Amundi rose to third place, after being fifth last year. “Amundi excels in knowledge of the whole sector - this is its main characteristic, but in all honesty, the company is good in all areas. In each of our 11 criteria, Amundi ranks in the top 10, which means it is valued for a wide range of reasons and has a fairly consistent brand profile,” says Chris Chancellor.
With the headwinds of recent years, it is important to be seen as a solid and stable company."

~ Chris Chancellor, Vice President, Broadridge

After two years of stability, the ranking of the three preferred management companies of French fund selectors has therefore changed in 2023.

The 2023 French ranking is also marked by the sensational entry of Lazard Asset Management in sixth place, thanks to a gain of nine points over one year. “Lazard has seen its brand position grow in almost every country in Europe, suggesting it is doing good things in several places. Growth was particularly strong in France. In France, it seems that this is related to the product, since the brand has made strong progress for the 'attractive investment strategy' but also for the service - it is now ranked number one for the brand attribute 'being best informed'. The fact that they are well-rated for a range of bond sectors will certainly have helped in 2023,” Chancellor said.

Another investment management company that has distinguished itself: Eleva Capital, which gains three places and takes the ninth. Other independent asset managers are in the ranking: Moneta AM, which wins one point and ranks eighth, and Comgest, which loses four places and comes tenth. In contrast, La Financière de l'Echiquier, which is being absorbed by LBP AM, left the top 10.

Fidelity remained stable in fourth place, while JPMorgan AM gained one point and placed seventh.

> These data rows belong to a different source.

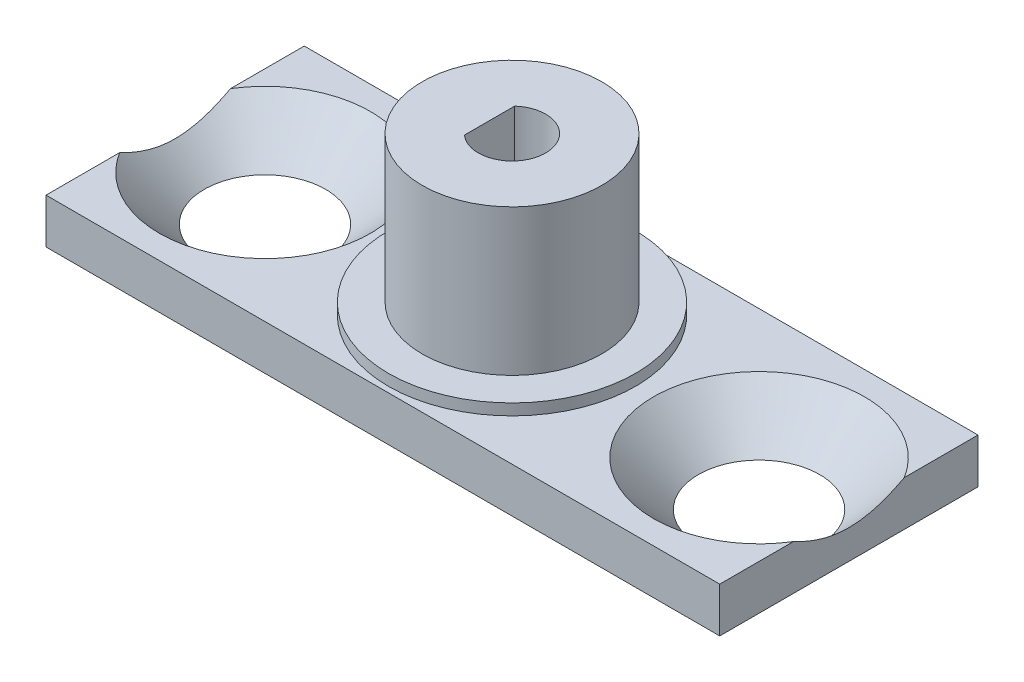
ISO-10303-21;
HEADER;
FILE_DESCRIPTION(('STEP AP214'),'2;1');
FILE_NAME('part.step','',(''),(''),'','','');
FILE_SCHEMA(('AUTOMOTIVE_DESIGN { 1 0 10303 214 1 1 1 1 }'));
ENDSEC;
DATA;
#1=APPLICATION_CONTEXT('core data for automotive mechanical design processes');
#2=APPLICATION_PROTOCOL_DEFINITION('international standard','automotive_design',2000,#1);
#3=PRODUCT_CONTEXT('',#1,'mechanical');
#4=PRODUCT('Part','Part','',(#3));
#5=PRODUCT_RELATED_PRODUCT_CATEGORY('part','',(#4));
#6=PRODUCT_DEFINITION_FORMATION('','',#4);
#7=PRODUCT_DEFINITION_CONTEXT('part definition',#1,'design');
#8=PRODUCT_DEFINITION('design','',#6,#7);
#9=PRODUCT_DEFINITION_SHAPE('','',#8);
#10=(LENGTH_UNIT() NAMED_UNIT(*) SI_UNIT(.MILLI.,.METRE.));
#11=(NAMED_UNIT(*) PLANE_ANGLE_UNIT() SI_UNIT($,.RADIAN.));
#12=(NAMED_UNIT(*) SI_UNIT($,.STERADIAN.) SOLID_ANGLE_UNIT());
#13=UNCERTAINTY_MEASURE_WITH_UNIT(LENGTH_MEASURE(1.E-05),#10,'distance_accuracy_value','');
#14=(GEOMETRIC_REPRESENTATION_CONTEXT(3) GLOBAL_UNCERTAINTY_ASSIGNED_CONTEXT((#13)) GLOBAL_UNIT_ASSIGNED_CONTEXT((#10,
#11,#12)) REPRESENTATION_CONTEXT('',''));
#15=CARTESIAN_POINT('',(0.,0.,0.));
#16=DIRECTION('',(0.,0.,1.));
#17=DIRECTION('',(1.,0.,0.));
#18=AXIS2_PLACEMENT_3D('',#15,#16,#17);
#19=CARTESIAN_POINT('',(0.,0.,0.));
#20=DIRECTION('',(0.,1.,0.));
#21=DIRECTION('',(0.,0.,1.));
#22=AXIS2_PLACEMENT_3D('',#19,#20,#21);
#23=PLANE('',#22);
#24=CARTESIAN_POINT('',(11.,0.,0.));
#25=DIRECTION('',(0.,1.,0.));
#26=DIRECTION('',(0.,0.,1.));
#27=AXIS2_PLACEMENT_3D('',#24,#25,#26);
#28=CIRCLE('',#27,2.7);
#29=CARTESIAN_POINT('',(11.,0.,2.7));
#30=VERTEX_POINT('',#29);
#31=EDGE_CURVE('E121',#30,#30,#28,.T.);
#32=ORIENTED_EDGE('',*,*,#31,.T.);
#33=EDGE_LOOP('',(#32));
#34=FACE_BOUND('',#33,.T.);
#35=CARTESIAN_POINT('',(-11.,0.,0.));
#36=DIRECTION('',(0.,1.,0.));
#37=DIRECTION('',(0.,0.,1.));
#38=AXIS2_PLACEMENT_3D('',#35,#36,#37);
#39=CIRCLE('',#38,2.7);
#40=CARTESIAN_POINT('',(-11.,0.,2.7));
#41=VERTEX_POINT('',#40);
#42=EDGE_CURVE('E268',#41,#41,#39,.T.);
#43=ORIENTED_EDGE('',*,*,#42,.T.);
#44=EDGE_LOOP('',(#43));
#45=FACE_BOUND('',#44,.T.);
#46=DIRECTION('',(0.,0.,1.));
#47=VECTOR('',#46,1.);
#48=CARTESIAN_POINT('',(-15.,0.,-5.75));
#49=LINE('',#48,#47);
#50=CARTESIAN_POINT('',(-15.,0.,-5.75));
#51=VERTEX_POINT('',#50);
#52=CARTESIAN_POINT('',(-15.,0.,5.75));
#53=VERTEX_POINT('',#52);
#54=EDGE_CURVE('E140',#51,#53,#49,.T.);
#55=ORIENTED_EDGE('',*,*,#54,.F.);
#56=DIRECTION('',(-1.,0.,0.));
#57=VECTOR('',#56,1.);
#58=CARTESIAN_POINT('',(-15.,0.,-5.75));
#59=LINE('',#58,#57);
#60=CARTESIAN_POINT('',(15.,0.,-5.75));
#61=VERTEX_POINT('',#60);
#62=EDGE_CURVE('E151',#61,#51,#59,.T.);
#63=ORIENTED_EDGE('',*,*,#62,.F.);
#64=DIRECTION('',(0.,0.,-1.));
#65=VECTOR('',#64,1.);
#66=CARTESIAN_POINT('',(15.,0.,-5.75));
#67=LINE('',#66,#65);
#68=CARTESIAN_POINT('',(15.,0.,5.75));
#69=VERTEX_POINT('',#68);
#70=EDGE_CURVE('E148',#69,#61,#67,.T.);
#71=ORIENTED_EDGE('',*,*,#70,.F.);
#72=DIRECTION('',(1.,0.,0.));
#73=VECTOR('',#72,1.);
#74=CARTESIAN_POINT('',(-15.,0.,5.75));
#75=LINE('',#74,#73);
#76=EDGE_CURVE('E144',#53,#69,#75,.T.);
#77=ORIENTED_EDGE('',*,*,#76,.F.);
#78=EDGE_LOOP('',(#55,#63,#71,#77));
#79=FACE_BOUND('',#78,.T.);
#80=ADVANCED_FACE('F39',(#34,#45,#79),#23,.F.);
#81=CARTESIAN_POINT('',(-15.,2.,-5.75));
#82=DIRECTION('',(1.,0.,0.));
#83=DIRECTION('',(0.,0.,-1.));
#84=AXIS2_PLACEMENT_3D('',#81,#82,#83);
#85=PLANE('',#84);
#86=DIRECTION('',(0.,0.,1.));
#87=VECTOR('',#86,1.);
#88=CARTESIAN_POINT('',(-15.,2.,-5.75));
#89=LINE('',#88,#87);
#90=CARTESIAN_POINT('',(-15.,2.,2.46779253585061));
#91=VERTEX_POINT('',#90);
#92=CARTESIAN_POINT('',(-15.,2.,5.75));
#93=VERTEX_POINT('',#92);
#94=EDGE_CURVE('E154',#91,#93,#89,.T.);
#95=ORIENTED_EDGE('',*,*,#94,.F.);
#96=CARTESIAN_POINT('',(-15.,4.98079994627634,-6.55703346146095));
#97=CARTESIAN_POINT('',(-15.,4.84850678919842,-6.40203742013519));
#98=CARTESIAN_POINT('',(-15.,4.7169175357442,-6.24643325627506));
#99=CARTESIAN_POINT('',(-15.,4.45551144503151,-5.93370165475931));
#100=CARTESIAN_POINT('',(-15.,4.32569489772054,-5.77657397493424));
#101=CARTESIAN_POINT('',(-15.,4.06735170822101,-5.45944555215033));
#102=CARTESIAN_POINT('',(-15.,3.93884019308951,-5.29943245539313));
#103=CARTESIAN_POINT('',(-15.,3.68459195795682,-4.97722969703069));
#104=CARTESIAN_POINT('',(-15.,3.55885505200391,-4.81504018246567));
#105=CARTESIAN_POINT('',(-15.,3.29762921035539,-4.47051532014915));
#106=CARTESIAN_POINT('',(-15.,3.16253452729579,-4.2878797130281));
#107=CARTESIAN_POINT('',(-15.,2.89800921665333,-3.91846313366675));
#108=CARTESIAN_POINT('',(-15.,2.76857989908804,-3.73168121755579));
#109=CARTESIAN_POINT('',(-15.,2.51783334207829,-3.35347425066442));
#110=CARTESIAN_POINT('',(-15.,2.39649410839303,-3.16206389278955));
#111=CARTESIAN_POINT('',(-15.,2.16460132103778,-2.77286847053669));
#112=CARTESIAN_POINT('',(-15.,2.05404158567608,-2.57508714731701));
#113=CARTESIAN_POINT('',(-15.,1.86741479590005,-2.20932751301623));
#114=CARTESIAN_POINT('',(-15.,1.7887624359838,-2.04268361822074));
#115=CARTESIAN_POINT('',(-15.,1.64493882876273,-1.70355156848876));
#116=CARTESIAN_POINT('',(-15.,1.57976962570256,-1.5310625319499));
#117=CARTESIAN_POINT('',(-15.,1.46850129072369,-1.18431998770915));
#118=CARTESIAN_POINT('',(-15.,1.4219897113751,-1.01020338133841));
#119=CARTESIAN_POINT('',(-15.,1.36803342158434,-0.745892959967972));
#120=CARTESIAN_POINT('',(-15.,1.35268460108614,-0.657284205892371));
#121=CARTESIAN_POINT('',(-15.,1.32764775627463,-0.479276838168824));
#122=CARTESIAN_POINT('',(-15.,1.31795885150135,-0.389878349570057));
#123=CARTESIAN_POINT('',(-15.,1.30188625172419,-0.175059195100562));
#124=CARTESIAN_POINT('',(-15.,1.29833737408532,-0.0494137240747601));
#125=CARTESIAN_POINT('',(-15.,1.30311043886276,0.20162115087874));
#126=CARTESIAN_POINT('',(-15.,1.31143085563998,0.327010585641976));
#127=CARTESIAN_POINT('',(-15.,1.33950072943034,0.57714640927333));
#128=CARTESIAN_POINT('',(-15.,1.359309383511,0.701886065310101));
#129=CARTESIAN_POINT('',(-15.,1.4093060865584,0.949258601045254));
#130=CARTESIAN_POINT('',(-15.,1.4394966547798,1.07189096180089));
#131=CARTESIAN_POINT('',(-15.,1.52691084697872,1.37768765167907));
#132=CARTESIAN_POINT('',(-15.,1.59002772264093,1.55916255928903));
#133=CARTESIAN_POINT('',(-15.,1.73208851305604,1.91579237755463));
#134=CARTESIAN_POINT('',(-15.,1.81104436971202,2.0909424012347));
#135=CARTESIAN_POINT('',(-15.,1.93875150434244,2.35026288543566));
#136=CARTESIAN_POINT('',(-15.,1.98314986347914,2.43662419344952));
#137=CARTESIAN_POINT('',(-15.,2.07454043945175,2.60796755087103));
#138=CARTESIAN_POINT('',(-15.,2.12153269204049,2.69294958124656));
#139=CARTESIAN_POINT('',(-15.,2.21772046455734,2.86160279037846));
#140=CARTESIAN_POINT('',(-15.,2.26691500831719,2.9452745281534));
#141=CARTESIAN_POINT('',(-15.,2.36722292560977,3.11145099658757));
#142=CARTESIAN_POINT('',(-15.,2.41833620495381,3.19395578425812));
#143=CARTESIAN_POINT('',(-15.,2.59794115845444,3.47743740269298));
#144=CARTESIAN_POINT('',(-15.,2.73060445295715,3.6757755711801));
#145=CARTESIAN_POINT('',(-15.,3.00306126226698,4.06751263517917));
#146=CARTESIAN_POINT('',(-15.,3.14285674732185,4.26091014346187));
#147=CARTESIAN_POINT('',(-15.,3.42781389983152,4.64397367027004));
#148=CARTESIAN_POINT('',(-15.,3.57298039425266,4.83363608541103));
#149=CARTESIAN_POINT('',(-15.,3.86724615903676,5.20984030199095));
#150=CARTESIAN_POINT('',(-15.,4.01634502252126,5.39638242304508));
#151=CARTESIAN_POINT('',(-15.,4.31816735292042,5.76770420995518));
#152=CARTESIAN_POINT('',(-15.,4.47090260332449,5.95247427514933));
#153=CARTESIAN_POINT('',(-15.,4.77878865829944,6.3199930423722));
#154=CARTESIAN_POINT('',(-15.,4.93393951566805,6.50274170006943));
#155=CARTESIAN_POINT('',(-15.,5.40209321307706,7.04833425171398));
#156=CARTESIAN_POINT('',(-15.,5.71795840372819,7.40872080538497));
#157=CARTESIAN_POINT('',(-15.,6.31702438710311,8.08253672416991));
#158=CARTESIAN_POINT('',(-15.,6.59966114338186,8.39647050718798));
#159=CARTESIAN_POINT('',(-15.,7.16787377443663,9.02174969014894));
#160=CARTESIAN_POINT('',(-15.,7.45345007532977,9.33309470265222));
#161=CARTESIAN_POINT('',(-15.,8.0246047476268,9.95143727332568));
#162=CARTESIAN_POINT('',(-15.,8.31016682830864,10.2584499076167));
#163=CARTESIAN_POINT('',(-15.,8.88291586430391,10.8708516827726));
#164=CARTESIAN_POINT('',(-15.,9.17010251410487,11.1762411092291));
#165=CARTESIAN_POINT('',(-15.,9.45789926850331,11.4810502404211));
#166=B_SPLINE_CURVE_WITH_KNOTS('',3,(#96,#97,#98,#99,#100,#101,#102,#103,#104,#105,#106,#107,
#108,#109,#110,#111,#112,#113,#114,#115,#116,#117,#118,#119,#120,#121,#122,#123,#124,#125,#126,
#127,#128,#129,#130,#131,#132,#133,#134,#135,#136,#137,#138,#139,#140,#141,#142,#143,#144,#145,
#146,#147,#148,#149,#150,#151,#152,#153,#154,#155,#156,#157,#158,#159,#160,#161,#162,#163,#164,
#165),.UNSPECIFIED.,.F.,.F.,(4,2,2,2,2,2,2,2,2,2,2,2,2,2,2,2,2,2,2,2,2,2,2,2,2,2,2,2,2,2,2,2,2,
2,4),(0.,0.611338527011484,1.22277587618685,1.83844129403711,2.45406532447504,3.13549497402793,
3.8170813688598,4.49673207089288,5.17599069416612,5.72836087947224,6.28081475094083,
6.82027593136918,7.08990305628815,7.3594882266684,7.73599058676703,8.11244455688205,
8.49085579034059,8.86935891318874,9.44471898564889,10.0205144960925,10.3117958618951,
10.6030812435675,10.8942387668545,11.1853820161702,11.9009768183094,12.6167703833327,
13.3332236555756,14.0496030856744,14.7687518060993,15.4879162670324,16.9254838062861,
18.1927231154345,19.460148786058,20.7180064133224,21.9756348730792),.UNSPECIFIED.);
#167=CARTESIAN_POINT('',(-15.,2.,-2.46779253585061));
#168=VERTEX_POINT('',#167);
#169=EDGE_CURVE('E55',#91,#168,#166,.F.);
#170=ORIENTED_EDGE('',*,*,#169,.T.);
#171=CARTESIAN_POINT('',(-15.,2.,-5.75));
#172=VERTEX_POINT('',#171);
#173=EDGE_CURVE('E133',#172,#168,#89,.T.);
#174=ORIENTED_EDGE('',*,*,#173,.F.);
#175=DIRECTION('',(0.,-1.,0.));
#176=VECTOR('',#175,1.);
#177=CARTESIAN_POINT('',(-15.,2.,-5.75));
#178=LINE('',#177,#176);
#179=EDGE_CURVE('E139',#172,#51,#178,.T.);
#180=ORIENTED_EDGE('',*,*,#179,.T.);
#181=ORIENTED_EDGE('',*,*,#54,.T.);
#182=DIRECTION('',(0.,-1.,0.));
#183=VECTOR('',#182,1.);
#184=CARTESIAN_POINT('',(-15.,2.,5.75));
#185=LINE('',#184,#183);
#186=EDGE_CURVE('E164',#93,#53,#185,.T.);
#187=ORIENTED_EDGE('',*,*,#186,.F.);
#188=EDGE_LOOP('',(#95,#170,#174,#180,#181,#187));
#189=FACE_BOUND('',#188,.T.);
#190=ADVANCED_FACE('F41',(#189),#85,.F.);
#191=CARTESIAN_POINT('',(-15.,2.,5.75));
#192=DIRECTION('',(0.,0.,-1.));
#193=DIRECTION('',(-1.,0.,0.));
#194=AXIS2_PLACEMENT_3D('',#191,#192,#193);
#195=PLANE('',#194);
#196=ORIENTED_EDGE('',*,*,#76,.T.);
#197=DIRECTION('',(0.,-1.,0.));
#198=VECTOR('',#197,1.);
#199=CARTESIAN_POINT('',(15.,2.,5.75));
#200=LINE('',#199,#198);
#201=CARTESIAN_POINT('',(15.,2.,5.75));
#202=VERTEX_POINT('',#201);
#203=EDGE_CURVE('E160',#202,#69,#200,.T.);
#204=ORIENTED_EDGE('',*,*,#203,.F.);
#205=DIRECTION('',(1.,0.,0.));
#206=VECTOR('',#205,1.);
#207=CARTESIAN_POINT('',(-15.,2.,5.75));
#208=LINE('',#207,#206);
#209=EDGE_CURVE('E128',#93,#202,#208,.T.);
#210=ORIENTED_EDGE('',*,*,#209,.F.);
#211=ORIENTED_EDGE('',*,*,#186,.T.);
#212=EDGE_LOOP('',(#196,#204,#210,#211));
#213=FACE_BOUND('',#212,.T.);
#214=ADVANCED_FACE('F218',(#213),#195,.F.);
#215=CARTESIAN_POINT('',(15.,2.,-5.75));
#216=DIRECTION('',(-1.,0.,0.));
#217=DIRECTION('',(0.,0.,1.));
#218=AXIS2_PLACEMENT_3D('',#215,#216,#217);
#219=PLANE('',#218);
#220=DIRECTION('',(0.,0.,-1.));
#221=VECTOR('',#220,1.);
#222=CARTESIAN_POINT('',(15.,2.,-5.75));
#223=LINE('',#222,#221);
#224=CARTESIAN_POINT('',(15.,2.,-2.46779253585061));
#225=VERTEX_POINT('',#224);
#226=CARTESIAN_POINT('',(15.,2.,-5.75));
#227=VERTEX_POINT('',#226);
#228=EDGE_CURVE('E117',#225,#227,#223,.T.);
#229=ORIENTED_EDGE('',*,*,#228,.F.);
#230=CARTESIAN_POINT('',(15.,4.98079994627634,-6.55703346146095));
#231=CARTESIAN_POINT('',(15.,4.84850678919843,-6.40203742013519));
#232=CARTESIAN_POINT('',(15.,4.7169175357442,-6.24643325627506));
#233=CARTESIAN_POINT('',(15.,4.45551144503151,-5.93370165475931));
#234=CARTESIAN_POINT('',(15.,4.32569489772054,-5.77657397493424));
#235=CARTESIAN_POINT('',(15.,4.06735170822101,-5.45944555215033));
#236=CARTESIAN_POINT('',(15.,3.93884019308951,-5.29943245539313));
#237=CARTESIAN_POINT('',(15.,3.68459195795682,-4.97722969703069));
#238=CARTESIAN_POINT('',(15.,3.55885505200391,-4.81504018246568));
#239=CARTESIAN_POINT('',(15.,3.29762921035539,-4.47051532014915));
#240=CARTESIAN_POINT('',(15.,3.16253452729579,-4.2878797130281));
#241=CARTESIAN_POINT('',(15.,2.89800921665333,-3.91846313366675));
#242=CARTESIAN_POINT('',(15.,2.76857989908805,-3.73168121755579));
#243=CARTESIAN_POINT('',(15.,2.51783334207829,-3.35347425066442));
#244=CARTESIAN_POINT('',(15.,2.39649410839303,-3.16206389278955));
#245=CARTESIAN_POINT('',(15.,2.16460132103778,-2.77286847053669));
#246=CARTESIAN_POINT('',(15.,2.05404158567608,-2.57508714731701));
#247=CARTESIAN_POINT('',(15.,1.86741479590005,-2.20932751301623));
#248=CARTESIAN_POINT('',(15.,1.7887624359838,-2.04268361822074));
#249=CARTESIAN_POINT('',(15.,1.64493882876273,-1.70355156848876));
#250=CARTESIAN_POINT('',(15.,1.57976962570257,-1.5310625319499));
#251=CARTESIAN_POINT('',(15.,1.4685012907237,-1.18431998770915));
#252=CARTESIAN_POINT('',(15.,1.4219897113751,-1.01020338133842));
#253=CARTESIAN_POINT('',(15.,1.36803342158434,-0.745892959967974));
#254=CARTESIAN_POINT('',(15.,1.35268460108614,-0.657284205892373));
#255=CARTESIAN_POINT('',(15.,1.32764775627463,-0.479276838168826));
#256=CARTESIAN_POINT('',(15.,1.31795885150135,-0.389878349570059));
#257=CARTESIAN_POINT('',(15.,1.30188625172419,-0.175059195100565));
#258=CARTESIAN_POINT('',(15.,1.29833737408532,-0.0494137240747632));
#259=CARTESIAN_POINT('',(15.,1.30311043886276,0.201621150878737));
#260=CARTESIAN_POINT('',(15.,1.31143085563998,0.327010585641973));
#261=CARTESIAN_POINT('',(15.,1.33950072943035,0.577146409273327));
#262=CARTESIAN_POINT('',(15.,1.359309383511,0.701886065310098));
#263=CARTESIAN_POINT('',(15.,1.4093060865584,0.949258601045252));
#264=CARTESIAN_POINT('',(15.,1.4394966547798,1.07189096180089));
#265=CARTESIAN_POINT('',(15.,1.52691084697872,1.37768765167907));
#266=CARTESIAN_POINT('',(15.,1.59002772264093,1.55916255928902));
#267=CARTESIAN_POINT('',(15.,1.73208851305603,1.91579237755463));
#268=CARTESIAN_POINT('',(15.,1.81104436971202,2.09094240123469));
#269=CARTESIAN_POINT('',(15.,1.93875150434244,2.35026288543565));
#270=CARTESIAN_POINT('',(15.,1.98314986347914,2.43662419344951));
#271=CARTESIAN_POINT('',(15.,2.07454043945174,2.60796755087103));
#272=CARTESIAN_POINT('',(15.,2.12153269204049,2.69294958124656));
#273=CARTESIAN_POINT('',(15.,2.21772046455734,2.86160279037846));
#274=CARTESIAN_POINT('',(15.,2.26691500831719,2.94527452815339));
#275=CARTESIAN_POINT('',(15.,2.36722292560977,3.11145099658757));
#276=CARTESIAN_POINT('',(15.,2.4183362049538,3.19395578425812));
#277=CARTESIAN_POINT('',(15.,2.59794115845443,3.47743740269297));
#278=CARTESIAN_POINT('',(15.,2.73060445295715,3.6757755711801));
#279=CARTESIAN_POINT('',(15.,3.00306126226697,4.06751263517916));
#280=CARTESIAN_POINT('',(15.,3.14285674732185,4.26091014346186));
#281=CARTESIAN_POINT('',(15.,3.42781389983151,4.64397367027003));
#282=CARTESIAN_POINT('',(15.,3.57298039425265,4.83363608541101));
#283=CARTESIAN_POINT('',(15.,3.86724615903675,5.20984030199093));
#284=CARTESIAN_POINT('',(15.,4.01634502252125,5.39638242304507));
#285=CARTESIAN_POINT('',(15.,4.31816735292041,5.76770420995516));
#286=CARTESIAN_POINT('',(15.,4.47090260332448,5.95247427514931));
#287=CARTESIAN_POINT('',(15.,4.77878865829943,6.31999304237219));
#288=CARTESIAN_POINT('',(15.,4.93393951566803,6.50274170006941));
#289=CARTESIAN_POINT('',(15.,5.40209321307704,7.04833425171396));
#290=CARTESIAN_POINT('',(15.,5.71795840372817,7.40872080538495));
#291=CARTESIAN_POINT('',(15.,6.31702438710309,8.08253672416989));
#292=CARTESIAN_POINT('',(15.,6.59966114338185,8.39647050718795));
#293=CARTESIAN_POINT('',(15.,7.16787377443661,9.02174969014891));
#294=CARTESIAN_POINT('',(15.,7.45345007532976,9.33309470265219));
#295=CARTESIAN_POINT('',(15.,8.02460474762678,9.95143727332565));
#296=CARTESIAN_POINT('',(15.,8.31016682830862,10.2584499076167));
#297=CARTESIAN_POINT('',(15.,8.88291586430388,10.8708516827725));
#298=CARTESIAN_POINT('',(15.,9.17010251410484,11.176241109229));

Vanguard benefits from the popularity of passive management.
In the European ranking, the five preferred brands of fund selectors remain unchanged from last year. These are the well-established players BlackRock, JPMorgan AM, Fidelity, Pictet AM and Amundi.

For the rest, Vanguard made a noticeable entry into the top 10, taking advantage of an increasingly pronounced craze for passive management. The iShares ETF specialist is also up in the rankings, moving from eighth to sixth place, ahead of Robeco, although the Dutch asset manager retains first place for its ESG credentials. The passive trend is also highlighted by Xtrackers' entry into the top 50, with the company’s range of sector and thematic ETFs proving popular with fund selectors,' notes Barbara Wall, Director of Global Distribution Insights at Broadridge.

Pimco is also making a comeback in the rankings, thanks to its bond positioning that is rather well adapted to the current period.

In addition to passive management, 'the striking fact is that 2023 was a bad year for ESG in Europe', says Broadridge. “Transparency issues, poor performance, regulatory pressures and energy security issues exacerbated the situation. Outflows from responsible investment funds, concerns about greenwashing and the reclassification of many Article 9 products were aggravating factors, with some commentators questioning whether the ESG reached a tipping point”, details the consultant.

Broadridge’s interviews with fund selectors suggest that this may be exaggerated, as ESG is still a major consideration in investment decision-making. “But companies are undeniably more skeptical and subject asset managers' references to further scrutiny to validate a company’s ESG good faith. To facilitate this, selectors would like to have a more standardized vocabulary around ESG, as well as better communication on portfolio positions and engagement”, notes Broadridge.

That said, even if ESG beliefs are no longer a game changer, Broadridge points out that 50% of the top ten brands are doing very well in this area. Amundi in particular was commended for its range of sustainable investments.

If ESG is less of a differentiating factor for asset management companies and their clients, others take over: unlisted/private assets for example. And some players took advantage of this. “Schroders' reputation in the growing private markets and bond markets mitigated criticism of the company’s fees and allowed the manager to limit the damage to its brand to a single step down the scale,” comments Broadridge.